YOUR TASK:
In the listing below, find every line containing "ezdxf" and copy it out.

PROVIDED ENTRIES:

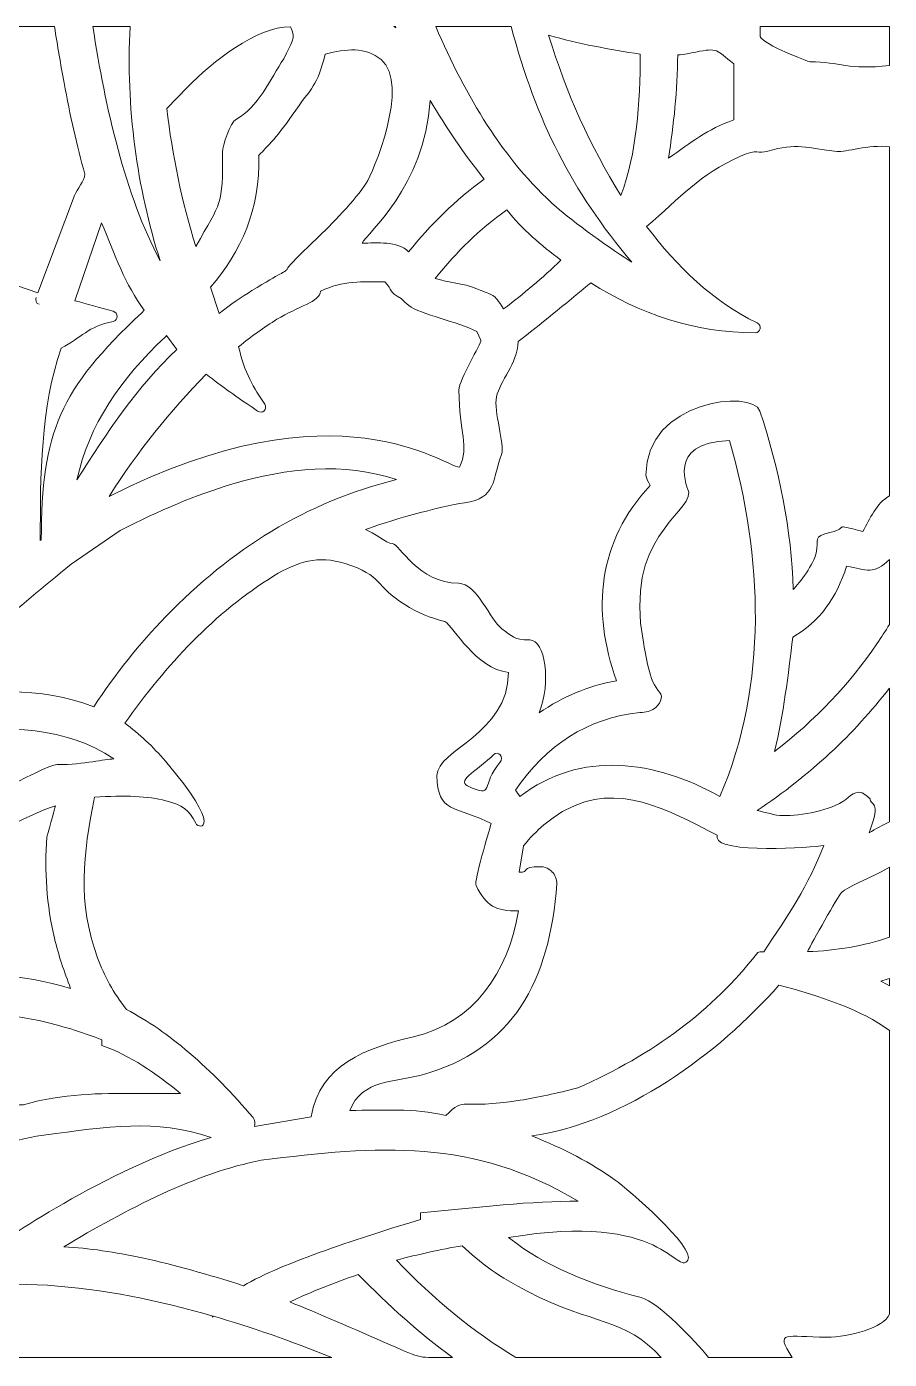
# Model space of a CAD drawing. Header units: millimetres. Extents: x -1200 to 1200, y -594 to 590.
# Drawn here: x 435 to 1200, y -591 to 590 of the extents above; entities that cross this region are included whole.
import ezdxf

# ---------------------------------------------------------------- set-up
doc = ezdxf.new("R2010")
doc.units = ezdxf.units.MM
doc.header["$MEASUREMENT"] = 0
doc.layers.add('Layer 1', color=7, linetype='Continuous')

msp = doc.modelspace()

# ---------------------------------------------------------------- linework, layer by layer
at = {"layer": 'Layer 1', "color": 250, "lineweight": 20}
for points, knots in [([(392.321, 589.9734), (392.321, 589.9734), (459.8678, 589.9734), (459.8678, 589.9734), (462.5818, 572.9484), (465.3845, 556.3499), (468.3736, 540.2553), (473.7586, 511.254), (479.7333, 484.0562), (486.8675, 459.2468), (486.358, 453.2761), (479.8646, 446.0318), (477.734, 440.3801), (477.734, 440.3801), (445.1477, 353.9812), (445.1477, 353.9812), (445.1477, 353.9812), (409.6234, 366.1872), (409.6234, 366.1872), (423.5788, 406.7057), (419.7517, 466.1485), (410.4852, 507.5559), (394.553, 578.7493), (384.8316, 548.1412), (392.321, 589.9734)], [0, 0, 0, 0, 0.125, 0.125, 0.125, 0.25, 0.25, 0.25, 0.375, 0.375, 0.375, 0.5, 0.5, 0.5, 0.625, 0.625, 0.625, 0.75, 0.75, 0.75, 0.875, 0.875, 0.875, 1, 1, 1, 1]), ([(493.8408, 589.9734), (493.8408, 589.9734), (526.8966, 589.9734), (526.8966, 589.9734), (523.0384, 519.0828), (533.0385, 447.0048), (553.5544, 382.4203), (522.4623, 440.6155), (504.9902, 518.1462), (493.8408, 589.9734)], [0, 0, 0, 0, 0.333333333, 0.333333333, 0.333333333, 0.666666667, 0.666666667, 0.666666667, 1, 1, 1, 1]), ([(577.5296, 535.9924), (577.5296, 535.9924), (559.5519, 517.4608), (559.5519, 517.4608), (564.1645, 475.9301), (572.8234, 435.148), (585.1693, 394.9908), (607.8862, 435.6588), (608.9724, 430.5451), (608.9724, 478.9301), (608.9724, 484.2373), (615.3269, 505.0952), (621.1717, 508.1118), (639.8018, 517.7271), (651.495, 543.5454), (663.1541, 561.5626), (663.1541, 561.5626), (663.1479, 561.5662), (663.1479, 561.5662), (670.1063, 575.9424), (674.3555, 579.2062), (669.1499, 589.9169), (638.8482, 589.8398), (600.0198, 559.1818), (577.5296, 535.9924)], [0, 0, 0, 0, 0.125, 0.125, 0.125, 0.25, 0.25, 0.25, 0.375, 0.375, 0.375, 0.5, 0.5, 0.5, 0.625, 0.625, 0.625, 0.75, 0.75, 0.75, 0.875, 0.875, 0.875, 1, 1, 1, 1]), ([(760.6542, 589.9734), (760.6542, 589.9734), (762.1593, 589.9734), (762.1593, 589.9734), (762.1593, 589.9734), (762.6172, 588.9154), (762.6172, 588.9154), (761.9694, 589.279), (761.3145, 589.6316), (760.6542, 589.9734)], [0, 0, 0, 0, 0.333333333, 0.333333333, 0.333333333, 0.666666667, 0.666666667, 0.666666667, 1, 1, 1, 1]), ([(797.8074, 589.9734), (797.8074, 589.9734), (864.6983, 589.9734), (864.6983, 589.9734), (887.4777, 505.8887), (918.0272, 444.6153), (971.766, 381.2975), (955.9769, 390.4055), (917.3387, 419.0226), (905.0402, 429.8937), (857.1654, 472.2122), (824.8005, 528.2465), (797.8074, 589.9734)], [0, 0, 0, 0, 0.25, 0.25, 0.25, 0.5, 0.5, 0.5, 0.75, 0.75, 0.75, 1, 1, 1, 1]), ([(962.0607, 440.3519), (976.0426, 477.1521), (979.0658, 522.8789), (979.2457, 565.5104), (952.5845, 570.0053), (924.3232, 574.4013), (897.8461, 582.5135), (914.17, 530.0069), (934.5192, 484.6525), (962.0607, 440.3519)], [0, 0, 0, 0, 0.333333333, 0.333333333, 0.333333333, 0.666666667, 0.666666667, 0.666666667, 1, 1, 1, 1]), ([(1085.5338, 589.9734), (1085.5338, 589.9734), (1200.0202, 589.9734), (1200.0202, 589.9734), (1200.0202, 589.9734), (1200.0202, 555.6263), (1200.0202, 555.6263), (1163.8476, 551.094), (1156.218, 558.8369), (1129.8441, 558.8369), (1127.9745, 558.8369), (1088.4872, 573.9142), (1085.5338, 581.2704), (1085.5338, 581.2704), (1085.5338, 589.9734), (1085.5338, 589.9734)], [0, 0, 0, 0, 0.2, 0.2, 0.2, 0.4, 0.4, 0.4, 0.6, 0.6, 0.6, 0.8, 0.8, 0.8, 1, 1, 1, 1]), ([(640.9472, 475.7843), (642.2437, 427.9035), (625.3787, 390.5281), (598.3259, 359.0462), (598.3259, 359.0462), (605.8517, 335.757), (605.8517, 335.757), (616.2771, 344.0153), (625.8304, 350.4872), (634.9134, 355.9979), (688.3389, 388.4128), (643.7665, 357.0134), (692.1919, 401.9386), (704.7464, 413.5857), (727.1466, 437.193), (736.3395, 451.3604), (741.5543, 459.3969), (775.7585, 539.0223), (749.4369, 560.7333), (735.4228, 572.2927), (718.5979, 570.4268), (699.8661, 565.6179), (692.8775, 536.8827), (688.3428, 537.2429), (670.5799, 511.4581), (656.4154, 490.897), (645.9058, 481.0523), (640.7218, 475.5574), (640.7996, 475.6303), (640.8747, 475.7059), (640.9472, 475.7843)], [0, 0, 0, 0, 0.1, 0.1, 0.1, 0.2, 0.2, 0.2, 0.3, 0.3, 0.3, 0.4, 0.4, 0.4, 0.5, 0.5, 0.5, 0.6, 0.6, 0.6, 0.7, 0.7, 0.7, 0.8, 0.8, 0.8, 0.9, 0.9, 0.9, 1, 1, 1, 1]), ([(1062.0852, 557.048), (1045.9994, 569.485), (1048.3651, 571.5054), (1028.3913, 567.4058), (1028.3913, 567.4058), (1028.3923, 567.4022), (1028.3923, 567.4022), (1023.3236, 566.3606), (1018.2522, 565.3199), (1012.4376, 564.9516), (1012.1559, 533.1402), (1008.8679, 503.2984), (1004.2685, 473.4422), (1024.407, 487.2816), (1038.5448, 499.1704), (1062.0852, 507.319), (1062.0852, 507.319), (1062.0852, 557.048), (1062.0852, 557.048)], [0, 0, 0, 0, 0.166666667, 0.166666667, 0.166666667, 0.333333333, 0.333333333, 0.333333333, 0.5, 0.5, 0.5, 0.666666667, 0.666666667, 0.666666667, 0.833333333, 0.833333333, 0.833333333, 1, 1, 1, 1]), ([(773.8311, 390.2811), (792.8699, 414.1582), (815.4996, 436.7384), (840.7796, 454.7668), (822.8921, 477.2836), (807.5333, 500.0025), (792.8996, 524.662), (787.7638, 446.9516), (736.8631, 406.8894), (732.5983, 398.0866), (745.7999, 398.0866), (764.0545, 400.3628), (773.8311, 390.2811)], [0, 0, 0, 0, 0.25, 0.25, 0.25, 0.5, 0.5, 0.5, 0.75, 0.75, 0.75, 1, 1, 1, 1]), ([(1200.0202, 483.4939), (1200.0202, 483.4939), (1200.0202, 174.027), (1200.0202, 174.027), (1188.1885, 167.5249), (1183.0181, 153.7812), (1176.485, 142.5479), (1147.9835, 149.9044), (1165.0106, 145.9605), (1148.3291, 141.8716), (1131.0397, 137.6336), (1138.0539, 135.8727), (1135.1621, 123.3219), (1132.9687, 113.8027), (1120.8746, 97.2177), (1114.6786, 90.9781), (1113.5259, 143.0996), (1102.1701, 198.7767), (1085.3032, 249.2578), (1078.7594, 268.8425), (984.1341, 258.979), (984.1341, 192.5857), (984.1341, 189.5578), (986.8135, 186.0375), (988.0875, 183.4106), (941.4664, 133.7159), (935.6911, 72.3858), (958.1118, 10.3222), (933.1323, 5.8067), (910.3598, -3.9924), (889.5319, -18.1096), (900.4715, 9.0893), (894.6511, 46.4043), (881.3575, 46.4317), (866.2553, 46.4628), (866.5174, 49.4674), (856.4559, 56.3986), (846.4245, 63.3091), (834.4982, 96.6527), (818.0168, 96.6527), (782.4879, 96.6527), (765.3919, 131.8327), (759.5566, 131.8327), (754.2883, 131.8327), (742.8118, 141.748), (735.5185, 144.1964), (752.1649, 150.9363), (802.3827, 165.1188), (823.4276, 167.943), (852.0613, 171.7856), (847.8599, 188.4906), (856.1881, 210.8701), (859.3524, 219.3734), (848.8588, 249.5461), (851.6806, 261.8767), (854.9686, 276.2448), (869.8302, 290.6453), (871.0919, 310.8373), (889.5673, 325.1913), (912.3468, 343.9496), (935.2758, 362.86), (978.6268, 335.4812), (1027.3153, 318.6317), (1081.1146, 318.6317), (1085.7697, 318.6317), (1087.4146, 325.2758), (1082.7268, 327.4312), (1043.9786, 346.3551), (1011.3941, 377.2992), (984.85, 412.9116), (1014.9479, 438.7674), (1031.354, 458.6891), (1067.9379, 475.0798), (1067.9379, 475.0798), (1067.9352, 475.0862), (1067.9352, 475.0862), (1083.5796, 482.0916), (1083.2499, 476.9749), (1092.2341, 479.6282), (1117.558, 487.107), (1126.9593, 482.5015), (1153.7258, 479.4414), (1161.3781, 478.5664), (1181.4563, 485.6661), (1200.0202, 483.4939)], [0, 0, 0, 0, 0.035714286, 0.035714286, 0.035714286, 0.071428571, 0.071428571, 0.071428571, 0.107142857, 0.107142857, 0.107142857, 0.142857143, 0.142857143, 0.142857143, 0.178571429, 0.178571429, 0.178571429, 0.214285714, 0.214285714, 0.214285714, 0.25, 0.25, 0.25, 0.285714286, 0.285714286, 0.285714286, 0.321428571, 0.321428571, 0.321428571, 0.357142857, 0.357142857, 0.357142857, 0.392857143, 0.392857143, 0.392857143, 0.428571429, 0.428571429, 0.428571429, 0.464285714, 0.464285714, 0.464285714, 0.5, 0.5, 0.5, 0.535714286, 0.535714286, 0.535714286, 0.571428571, 0.571428571, 0.571428571, 0.607142857, 0.607142857, 0.607142857, 0.642857143, 0.642857143, 0.642857143, 0.678571429, 0.678571429, 0.678571429, 0.714285714, 0.714285714, 0.714285714, 0.75, 0.75, 0.75, 0.785714286, 0.785714286, 0.785714286, 0.821428571, 0.821428571, 0.821428571, 0.857142857, 0.857142857, 0.857142857, 0.892857143, 0.892857143, 0.892857143, 0.928571429, 0.928571429, 0.928571429, 0.964285714, 0.964285714, 0.964285714, 1, 1, 1, 1]), ([(860.9174, 427.5736), (835.3933, 409.5401), (817.6247, 391.351), (797.4088, 366.8771), (809.9106, 362.591), (821.3079, 363.081), (834.4099, 357.5262), (850.1034, 350.8726), (848.4096, 354.7337), (858.0847, 339.7639), (875.6694, 353.3744), (892.5285, 366.8238), (908.74, 383.0245), (891.463, 396.4065), (874.4788, 410.0549), (860.9174, 427.5736)], [0, 0, 0, 0, 0.2, 0.2, 0.2, 0.4, 0.4, 0.4, 0.6, 0.6, 0.6, 0.8, 0.8, 0.8, 1, 1, 1, 1]), ([(465.8901, 304.8866), (447.5445, 253.1577), (447.2918, 191.2512), (447.2918, 134.634), (447.2918, 134.634), (448.196, 135.1006), (448.196, 135.1006), (448.196, 231.1761), (464.5979, 268.0393), (537.1753, 336.4587), (537.1753, 336.4587), (539.308, 338.6577), (539.308, 338.6577), (522.8518, 361.0918), (512.9734, 388.1429), (501.6997, 416.0884), (501.6997, 416.0884), (478.0346, 346.9514), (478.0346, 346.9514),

ANSWER FOR THE TASK:
import ezdxf
doc = ezdxf.new("R2010")
doc.units = ezdxf.units.MM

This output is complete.